# Jersey Fish'in in 9 days



## Wharf-Rat (Aug 5, 2007)

Headed to Jersey.......9 days from now...Can anyone tell me where they feel the best shore fish'in would be?? Prefer Ocean City down to Cape May......Taking the wife for 4 days...So I need to schedule a hotel.....Pleeezzeeee help me.......Location and what baits ? thanx guys....


----------



## RuddeDogg (Mar 20, 2004)

*Cape May*

Dink stripers and blues are still being caught in the back bays. Mullet and clams seem to be the baits of choice at least down here. Check Jim's bait and tackle in Cape May they had fresh mullet not to long ago. If you're going to Ocean City hit up Ed and the boys at Fin-atics.
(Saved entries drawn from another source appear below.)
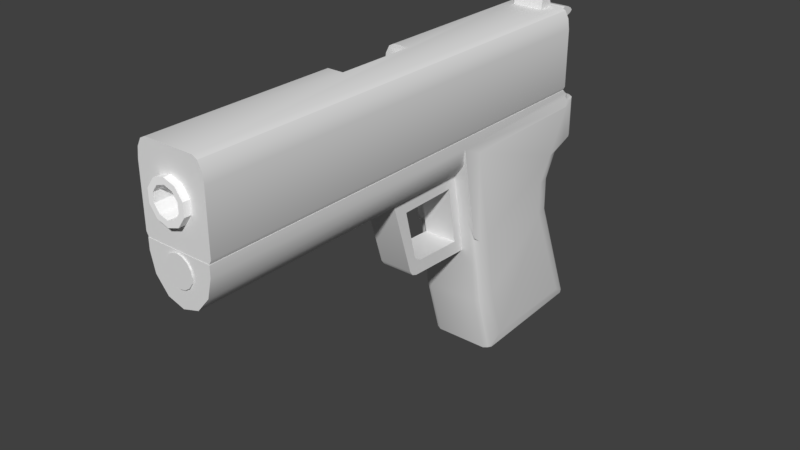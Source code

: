# Source: FN-227.blend  (saved by Blender 2.80.75; exported with 4.5.12 LTS)
import bpy
from mathutils import Matrix  # noqa: F401  (used for matrix-valued properties, if any)

bpy.ops.wm.read_factory_settings(use_empty=True)
scene = bpy.context.scene
scene.name = 'Scene'

# ---- collections
col_collection_1 = bpy.data.collections.new('Collection 1'); scene.collection.children.link(col_collection_1)

# ---- materials (node trees are filled in below, after node groups)
mat_fn_sight = bpy.data.materials.new('FN_Sight')
mat_fn_sight.alpha_threshold = 0.0
mat_fn_sight.use_transparent_shadow = False
mat_fn_sight.roughness = 0.5
mat_shiny_metal = bpy.data.materials.new('Shiny_Metal')
mat_shiny_metal.alpha_threshold = 0.0
mat_shiny_metal.use_transparent_shadow = False
mat_shiny_metal.diffuse_color = (1.0, 1.0, 1.0, 1.0)
mat_shiny_metal.roughness = 0.5
mat_shiny_metal.specular_intensity = 1.0
mat_fn_hammer = bpy.data.materials.new('FN_Hammer')
mat_fn_hammer.alpha_threshold = 0.0
mat_fn_hammer.use_transparent_shadow = False
mat_fn_hammer.roughness = 0.5
mat_fn_grip = bpy.data.materials.new('FN_Grip')
mat_fn_grip.alpha_threshold = 0.0
mat_fn_grip.use_transparent_shadow = False
mat_fn_grip.roughness = 0.5
mat_fn_grip.specular_intensity = 0.0
mat_fn_slide = bpy.data.materials.new('Fn_Slide')
mat_fn_slide.alpha_threshold = 0.0
mat_fn_slide.use_transparent_shadow = False
mat_fn_slide.roughness = 0.5

# ---- node groups
ng_auto_smooth = bpy.data.node_groups.new('Auto Smooth', 'GeometryNodeTree')
_s = ng_auto_smooth.interface.new_socket(name='Geometry', in_out='OUTPUT', socket_type='NodeSocketGeometry')
_s = ng_auto_smooth.interface.new_socket(name='Geometry', in_out='INPUT', socket_type='NodeSocketGeometry')
_s = ng_auto_smooth.interface.new_socket(name='Angle', in_out='INPUT', socket_type='NodeSocketFloat')
_s.subtype = 'ANGLE'
_s.min_value = 0.0
_s.max_value = 3.142
ng_auto_smooth.is_modifier = True
_N = ng_auto_smooth.nodes; _L = ng_auto_smooth.links
n0 = _N.new('NodeGroupOutput'); n0.name = 'Group Output'; n0.location = (480, -100)
n1 = _N.new('NodeGroupInput'); n1.name = 'Group Input'; n1.location = (-420, -300)
n2 = _N.new('NodeGroupInput'); n2.name = 'Group Input.001'; n2.location = (-60, -100)
n3 = _N.new('GeometryNodeSetShadeSmooth'); n3.name = 'Set Shade Smooth'; n3.location = (120, -100)
n3.domain = 'EDGE'
n4 = _N.new('GeometryNodeSetShadeSmooth'); n4.name = 'Set Shade Smooth.001'; n4.location = (300, -100)
n5 = _N.new('GeometryNodeInputMeshEdgeAngle'); n5.name = 'Edge Angle'; n5.location = (-420, -220)
n6 = _N.new('GeometryNodeInputEdgeSmooth'); n6.name = 'Is Edge Smooth'; n6.location = (-60, -160)
n7 = _N.new('GeometryNodeInputShadeSmooth'); n7.name = 'Is Face Smooth'; n7.location = (-240, -340)
n8 = _N.new('FunctionNodeBooleanMath'); n8.name = 'Boolean Math'; n8.location = (-60, -220)
n9 = _N.new('FunctionNodeCompare'); n9.name = 'Compare'; n9.location = (-240, -180)
n9.operation = 'LESS_EQUAL'
_L.new(n5.outputs[0], n9.inputs[0])
_L.new(n4.outputs[0], n0.inputs[0])
_L.new(n1.outputs[1], n9.inputs[1])
_L.new(n9.outputs[0], n8.inputs[0])
_L.new(n7.outputs[0], n8.inputs[1])
_L.new(n2.outputs[0], n3.inputs[0])
_L.new(n6.outputs[0], n3.inputs[1])
_L.new(n3.outputs[0], n4.inputs[0])
_L.new(n8.outputs[0], n3.inputs[2])
n0.is_active_output = True

# ---- material node trees

# ---- world
world_world = bpy.data.worlds.new('World'); scene.world = world_world
world_world.color = (0.05088, 0.05088, 0.05088)
world_world.use_sun_shadow = False
world_world.sun_shadow_jitter_overblur = 0.0
world_world.cycles.sampling_method = 'MANUAL'

# ---- meshes
me_cube_006 = bpy.data.meshes.new('Cube.006')
me_cube_006.from_pydata([(-0.008287, 0.1517, 0.1389), (-0.008287, 0.1533, 0.1499), (-0.008287, 0.1627, 0.1389), (-0.008287, 0.1595, 0.1499), (0.008287, 0.1517, 0.1389), (0.008287, 0.1533, 0.1499), (0.008287, 0.1627, 0.1389), (0.008287, 0.1595, 0.1499), (-0.003388, 0.1595, 0.1499), (-0.00247, 0.1595, 0.1481), (0.00247, 0.1595, 0.1481), (0.003388, 0.1595, 0.1499), (0.003388, 0.1533, 0.1499), (0.00247, 0.1533, 0.1481), (-0.00247, 0.1533, 0.1481), (-0.003388, 0.1533, 0.1499)], [], [(0, 1, 3, 2), (2, 3, 8, 9, 10, 11, 7, 6), (6, 7, 5, 4), (4, 5, 12, 13, 14, 15, 1, 0), (2, 6, 4, 0), (8, 3, 1, 15), (7, 11, 12, 5), (11, 10, 13, 12), (10, 9, 14, 13), (9, 8, 15, 14)])
_uv = me_cube_006.uv_layers.new(name='UVMap')
_uv.uv.foreach_set('vector', [0.1872, 0.1649, 0.1932, 0.2056, 0.2161, 0.2056, 0.2278, 0.1649, 0.1596, 0.1649, 0.1596, 0.2056, 0.1716, 0.2056, 0.1739, 0.1991, 0.186, 0.1991, 0.1882, 0.2056, 0.2003, 0.2056, 0.2003, 0.1649, 0.1872, 0.1649, 0.1755, 0.2056, 0.1525, 0.2056, 0.1465, 0.1649, 0.1596, 0.1649, 0.1596, 0.2056, 0.1476, 0.2056, 0.1453, 0.1991, 0.1332, 0.1991, 0.1309, 0.2056, 0.1189, 0.2056, 0.1189, 0.1649, 0.1596, 0.1632, 0.2003, 0.1632, 0.2003, 0.1225, 0.1596, 0.1225, 0.1716, 0.1515, 0.1596, 0.1515, 0.1596, 0.1285, 0.1716, 0.1285, 0.1596, 0.1515, 0.1476, 0.1515, 0.1476, 0.1285, 0.1596, 0.1285, 0.1755, 0.1649, 0.1755, 0.1584, 0.1525, 0.1584, 0.1525, 0.1649, 0.186, 0.1515, 0.1739, 0.1515, 0.1739, 0.1285, 0.186, 0.1285, 0.1755, 0.1584, 0.1755, 0.1649, 0.1525, 0.1649, 0.1525, 0.1584])
me_cube_006.materials.append(mat_fn_sight)
me_cube_006.use_remesh_preserve_volume = False
me_cube_006.use_remesh_preserve_attributes = False
me_cube_006.use_mirror_vertex_groups = False
me_cube_006.update()
me_cube_005 = bpy.data.meshes.new('Cube.005')
me_cube_005.from_pydata([(-0.01489, -0.003374, 0.1231), (-0.01489, 0.1363, 0.1231), (0.001037, -0.003374, 0.1231), (0.001037, -0.003374, 0.139), (0.001037, 0.1363, 0.1231), (0.001037, 0.1363, 0.139), (-0.007937, -0.003374, 0.139), (-0.01489, -0.003374, 0.1321), (-0.01201, -0.003374, 0.139), (-0.01489, -0.003374, 0.1361), (-0.01489, 0.1363, 0.1321), (-0.007937, 0.1363, 0.139), (-0.01489, 0.1363, 0.1361), (-0.01201, 0.1363, 0.139)], [], [(5, 11, 6, 3), (4, 5, 3, 2), (0, 7, 10, 1), (1, 4, 2, 0), (1, 10, 12, 13, 11, 5, 4), (6, 11, 13, 8), (8, 13, 12, 9), (9, 12, 10, 7), (2, 3, 6, 8, 9, 7, 0)])
me_cube_005.materials.append(mat_shiny_metal)
me_cube_005.use_remesh_preserve_volume = False
me_cube_005.use_remesh_preserve_attributes = False
me_cube_005.use_mirror_vertex_groups = False
me_cube_005.update()
me_cube_004 = bpy.data.meshes.new('Cube.004')
me_cube_004.from_pydata([(-0.005064, -0.007381, -0.0007003), (-0.005064, -0.007859, 0.003869), (-0.005064, -0.008754, 0.001466), (-0.005064, 0.004848, 0.01361), (-0.005064, 0.01046, 0.01789), (-0.005064, 0.007816, 0.01554), (-0.005064, 0.005379, -0.005345), (-0.005064, -0.0006695, -0.005202), (-0.005064, 0.002336, -0.006072), (-0.005064, 0.02501, 0.02492), (-0.005064, 0.02517, 0.02224), (-0.005064, 0.02646, 0.02366), (0.005571, -0.007859, 0.003869), (0.005571, -0.007381, -0.0007003), (0.005571, -0.008754, 0.001466), (0.005571, 0.01046, 0.01789), (0.005571, 0.004848, 0.01361), (0.005571, 0.007816, 0.01554), (0.005571, -0.0006695, -0.005202), (0.005571, 0.005379, -0.005345), (0.005571, 0.002336, -0.006072), (0.005571, 0.02517, 0.02224), (0.005571, 0.02501, 0.02492), (0.005571, 0.02646, 0.02366), (-0.005064, 0.01633, 0.02437), (-0.005064, 0.02214, 0.02589), (-0.005064, 0.01903, 0.02592), (0.005571, 0.02214, 0.02589), (0.005571, 0.01633, 0.02437), (0.005571, 0.01903, 0.02592), (-0.005064, 0.02114, 0.02032), (-0.005064, 0.01667, 0.01542), (-0.005064, 0.01849, 0.01825), (-0.005064, 0.01134, 0.00088), (-0.005064, 0.007037, -0.004343), (-0.005064, 0.009569, -0.002045), (0.005571, 0.01667, 0.01542), (0.005571, 0.02114, 0.02032), (0.005571, 0.01849, 0.01825), (0.005571, 0.007037, -0.004343), (0.005571, 0.01134, 0.00088), (0.005571, 0.009569, -0.002045), (-0.005064, -0.004017, 0.007819), (-0.005064, 0.001683, 0.01201), (-0.005064, -0.001312, 0.01011), (0.005571, 0.001683, 0.01201), (0.005571, -0.004017, 0.007819), (0.005571, -0.001312, 0.01011)], [], [(45, 16, 3, 43), (18, 20, 19, 39, 41, 40, 36, 38, 37, 21, 23, 22, 27, 29, 28, 15, 17, 16, 45, 47, 46, 12, 14, 13), (33, 31, 36, 40), (28, 24, 4, 15), (12, 46, 42, 1), (6, 34, 39, 19), (30, 10, 21, 37), (22, 9, 25, 27), (0, 2, 1, 42, 44, 43, 3, 5, 4, 24, 26, 25, 9, 11, 10, 30, 32, 31, 33, 35, 34, 6, 8, 7), (18, 7, 8, 20), (20, 8, 6, 19), (9, 22, 23, 11), (11, 23, 21, 10), (0, 13, 14, 2), (2, 14, 12, 1), (15, 4, 5, 17), (17, 5, 3, 16), (24, 28, 29, 26), (26, 29, 27, 25), (33, 40, 41, 35), (35, 41, 39, 34), (30, 37, 38, 32), (32, 38, 36, 31), (45, 43, 44, 47), (47, 44, 42, 46), (7, 18, 13, 0)])
me_cube_004.polygons.foreach_set('use_smooth', [True] * 26)
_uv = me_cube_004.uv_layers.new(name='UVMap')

They'll put ya on the fish.


----------



## Wharf-Rat (Aug 5, 2007)

*Thanx*

Thanx for the input...If you were coming from landlocked PA......Where would be your first choice....I just wanna catch some fish...To many 70 hour weeks.....Really appreciate the help......Last few times, nuth'in but Kingfish,Bass n, sharks.......


----------



## fishinmama (Oct 14, 2006)

seems i read somethin recently about some stripers just s of sandy hook area...
wish i could help you more-we've grown way to accustomed to taking our boat out of the sandy hook highlands area & sometimes the fish we get are 'just out' of casting range for shore fishermen.
maybe you can ck for the recent reports in that area with google.
try googling 
bettyandnicks
think thats right -- reports from the area -mostly IBSP


----------



## RuddeDogg (Mar 20, 2004)

*Spots*

It depends on where you are gonna stay. If you are going to Ocean City, you could try along the 9th street bridge. There is some great back bay fishng there. You also have the Corson's Inlet state park. The sea wall between Sea Isle city and Avalon is a good spot. The toll bridge between Stone Harbor and North Wildwood is another good spot, the half bridge at Grassy Sound is good to. Hope this helps.


----------



## Wharf-Rat (Aug 5, 2007)

Again I thank you....Looks like I may just do O.C. after all....anybody fish around the Long Port bridge at the end of town....any luck there???? If so..which side ??? Cross the bridge or no??? What rigs are we using??? Sorry about all the questions......But my job has kept me from fishing for the last 2 years...except for a couple of 1 day outings......Just wanna have fun again...Before the return of the grind........Thanx so much guys for your help.....Wharf-Rat


----------



## Centralpafish (Jul 5, 2007)

*It's closer and the fishin's better*

Rat, you dead set on South Jersey? If not consider taking the PA T'pike to the NJ T'pike N to exit 7A and head due east. If you can drive on the beach head to Seaside. On the southern tip of this penisula is Island Beach State Park. Go all the way down and fish Barnegat Inlet. If ya can't drive on the beach look for signs for Long Beach Island. When you get on the island head north and fish the same inlet from the other side and take some nice pictures of the lighthouse. Fished Barnegat bay three weeks ago and caught some flounder (shorts) and nice weakies (trout-not shorts) just inside the inlet. 
Most of the motels are Mom & Pop places. This time of year, take your pick.
Then again from Holtwood there's also OC MD but that's another story. Philly Jack


----------



## rgking03 (Mar 20, 2005)

Longport Bridge is good spot just get there and take as much room as possible because it does fill around night fall. Longport Jetty beachfront is killer with clam. Ocean City Fishing pier at the north end is all right but the tide does throw the weeds on you like you were draggin for them. I would give them a try and if nothing there is a little drive south to strathmere and hit Corson's Inlet or the Beasley's point bridge. 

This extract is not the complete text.